• **INSTRUCTIONS FOR THE TASK**
Should the word "normal" occur in a line of the records, copy that line.

== DATA RECORDS ==

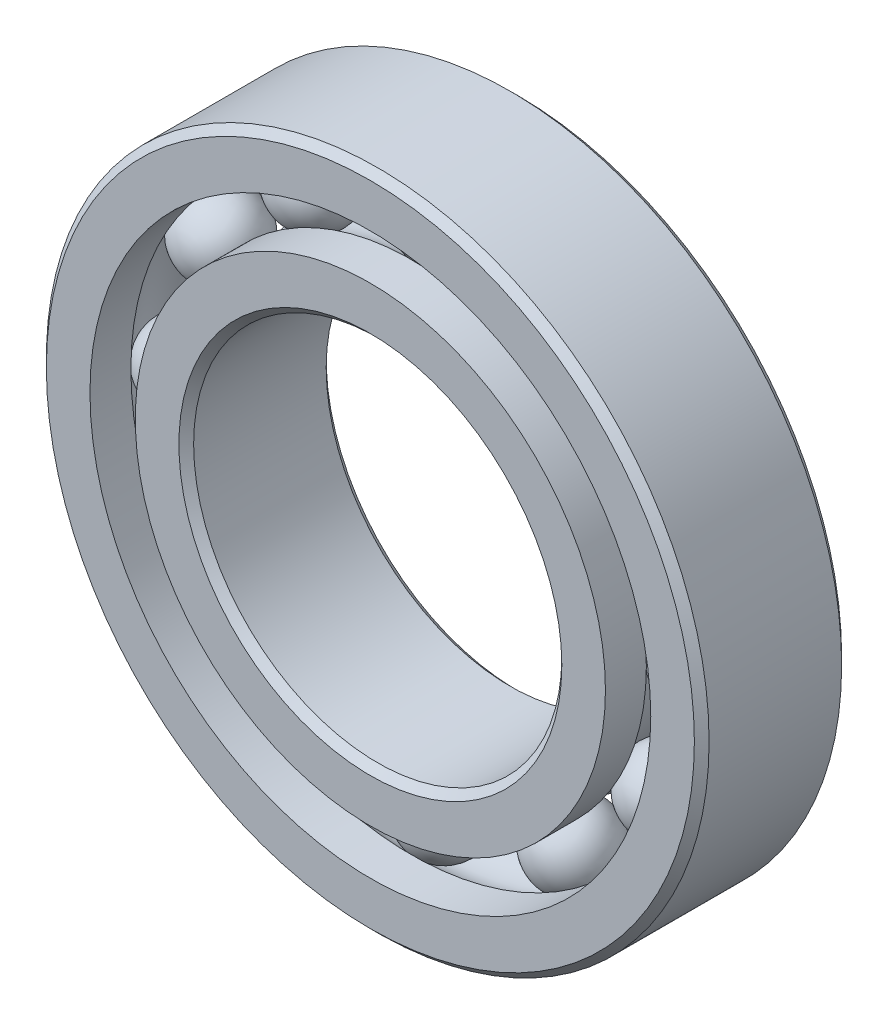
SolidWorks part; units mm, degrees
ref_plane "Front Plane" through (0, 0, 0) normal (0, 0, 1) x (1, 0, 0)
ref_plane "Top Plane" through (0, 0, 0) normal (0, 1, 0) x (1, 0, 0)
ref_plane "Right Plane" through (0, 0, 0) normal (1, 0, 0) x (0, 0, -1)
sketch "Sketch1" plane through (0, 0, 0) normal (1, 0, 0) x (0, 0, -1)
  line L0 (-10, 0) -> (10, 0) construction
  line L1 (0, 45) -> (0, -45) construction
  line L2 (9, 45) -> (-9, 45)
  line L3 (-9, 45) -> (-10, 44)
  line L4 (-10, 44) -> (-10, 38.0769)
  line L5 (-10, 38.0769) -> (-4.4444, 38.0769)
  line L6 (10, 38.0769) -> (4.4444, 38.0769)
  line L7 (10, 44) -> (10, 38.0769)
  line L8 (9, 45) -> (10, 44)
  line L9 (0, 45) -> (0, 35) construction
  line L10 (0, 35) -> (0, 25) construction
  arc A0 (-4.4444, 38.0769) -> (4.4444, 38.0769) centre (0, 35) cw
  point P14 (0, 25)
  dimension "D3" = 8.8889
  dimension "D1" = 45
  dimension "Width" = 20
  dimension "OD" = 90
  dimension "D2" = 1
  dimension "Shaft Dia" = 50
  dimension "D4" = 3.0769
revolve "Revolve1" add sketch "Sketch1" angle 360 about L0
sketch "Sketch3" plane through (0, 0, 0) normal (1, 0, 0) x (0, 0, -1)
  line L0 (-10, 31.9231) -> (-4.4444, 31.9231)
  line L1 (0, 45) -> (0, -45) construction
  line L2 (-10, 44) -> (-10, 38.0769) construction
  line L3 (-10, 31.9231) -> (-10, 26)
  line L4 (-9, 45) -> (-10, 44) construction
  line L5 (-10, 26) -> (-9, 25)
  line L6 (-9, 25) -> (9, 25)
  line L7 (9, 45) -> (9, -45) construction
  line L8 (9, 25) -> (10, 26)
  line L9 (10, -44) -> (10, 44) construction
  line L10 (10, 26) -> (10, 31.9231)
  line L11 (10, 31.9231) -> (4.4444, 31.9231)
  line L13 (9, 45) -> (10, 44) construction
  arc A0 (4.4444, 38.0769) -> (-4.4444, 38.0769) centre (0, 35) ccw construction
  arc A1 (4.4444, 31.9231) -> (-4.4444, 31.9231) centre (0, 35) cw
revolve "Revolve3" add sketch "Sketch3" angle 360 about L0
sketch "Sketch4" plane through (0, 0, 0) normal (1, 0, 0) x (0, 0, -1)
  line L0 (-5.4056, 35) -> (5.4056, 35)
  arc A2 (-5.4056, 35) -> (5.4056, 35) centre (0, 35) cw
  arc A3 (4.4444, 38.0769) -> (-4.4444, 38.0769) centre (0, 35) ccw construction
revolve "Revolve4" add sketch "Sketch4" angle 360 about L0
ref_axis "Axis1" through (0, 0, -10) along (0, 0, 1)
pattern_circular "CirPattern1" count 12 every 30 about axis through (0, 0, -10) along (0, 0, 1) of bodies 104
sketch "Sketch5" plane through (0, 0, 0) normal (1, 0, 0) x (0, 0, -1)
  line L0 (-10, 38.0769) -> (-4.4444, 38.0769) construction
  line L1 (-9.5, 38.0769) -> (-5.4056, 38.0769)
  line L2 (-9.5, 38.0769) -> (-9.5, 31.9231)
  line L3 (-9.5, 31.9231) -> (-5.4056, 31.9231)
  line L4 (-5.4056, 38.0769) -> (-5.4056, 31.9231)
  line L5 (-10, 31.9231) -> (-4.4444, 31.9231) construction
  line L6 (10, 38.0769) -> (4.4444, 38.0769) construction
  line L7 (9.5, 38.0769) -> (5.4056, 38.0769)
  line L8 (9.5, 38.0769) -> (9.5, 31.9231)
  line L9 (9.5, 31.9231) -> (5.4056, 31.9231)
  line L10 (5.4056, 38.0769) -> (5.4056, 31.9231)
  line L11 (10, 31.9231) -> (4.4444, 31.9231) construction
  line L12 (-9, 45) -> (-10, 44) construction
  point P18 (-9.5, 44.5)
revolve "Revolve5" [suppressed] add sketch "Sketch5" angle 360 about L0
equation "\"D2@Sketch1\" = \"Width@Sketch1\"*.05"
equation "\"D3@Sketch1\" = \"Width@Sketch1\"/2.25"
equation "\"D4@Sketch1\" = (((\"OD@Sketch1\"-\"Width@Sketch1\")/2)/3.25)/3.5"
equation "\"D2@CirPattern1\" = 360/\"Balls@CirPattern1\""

===

• **THE ANSWER**
ref_plane "Front Plane" through (0, 0, 0) normal (0, 0, 1) x (1, 0, 0)
ref_plane "Top Plane" through (0, 0, 0) normal (0, 1, 0) x (1, 0, 0)
ref_plane "Right Plane" through (0, 0, 0) normal (1, 0, 0) x (0, 0, -1)
sketch "Sketch1" plane through (0, 0, 0) normal (1, 0, 0) x (0, 0, -1)
sketch "Sketch3" plane through (0, 0, 0) normal (1, 0, 0) x (0, 0, -1)
sketch "Sketch4" plane through (0, 0, 0) normal (1, 0, 0) x (0, 0, -1)
sketch "Sketch5" plane through (0, 0, 0) normal (1, 0, 0) x (0, 0, -1)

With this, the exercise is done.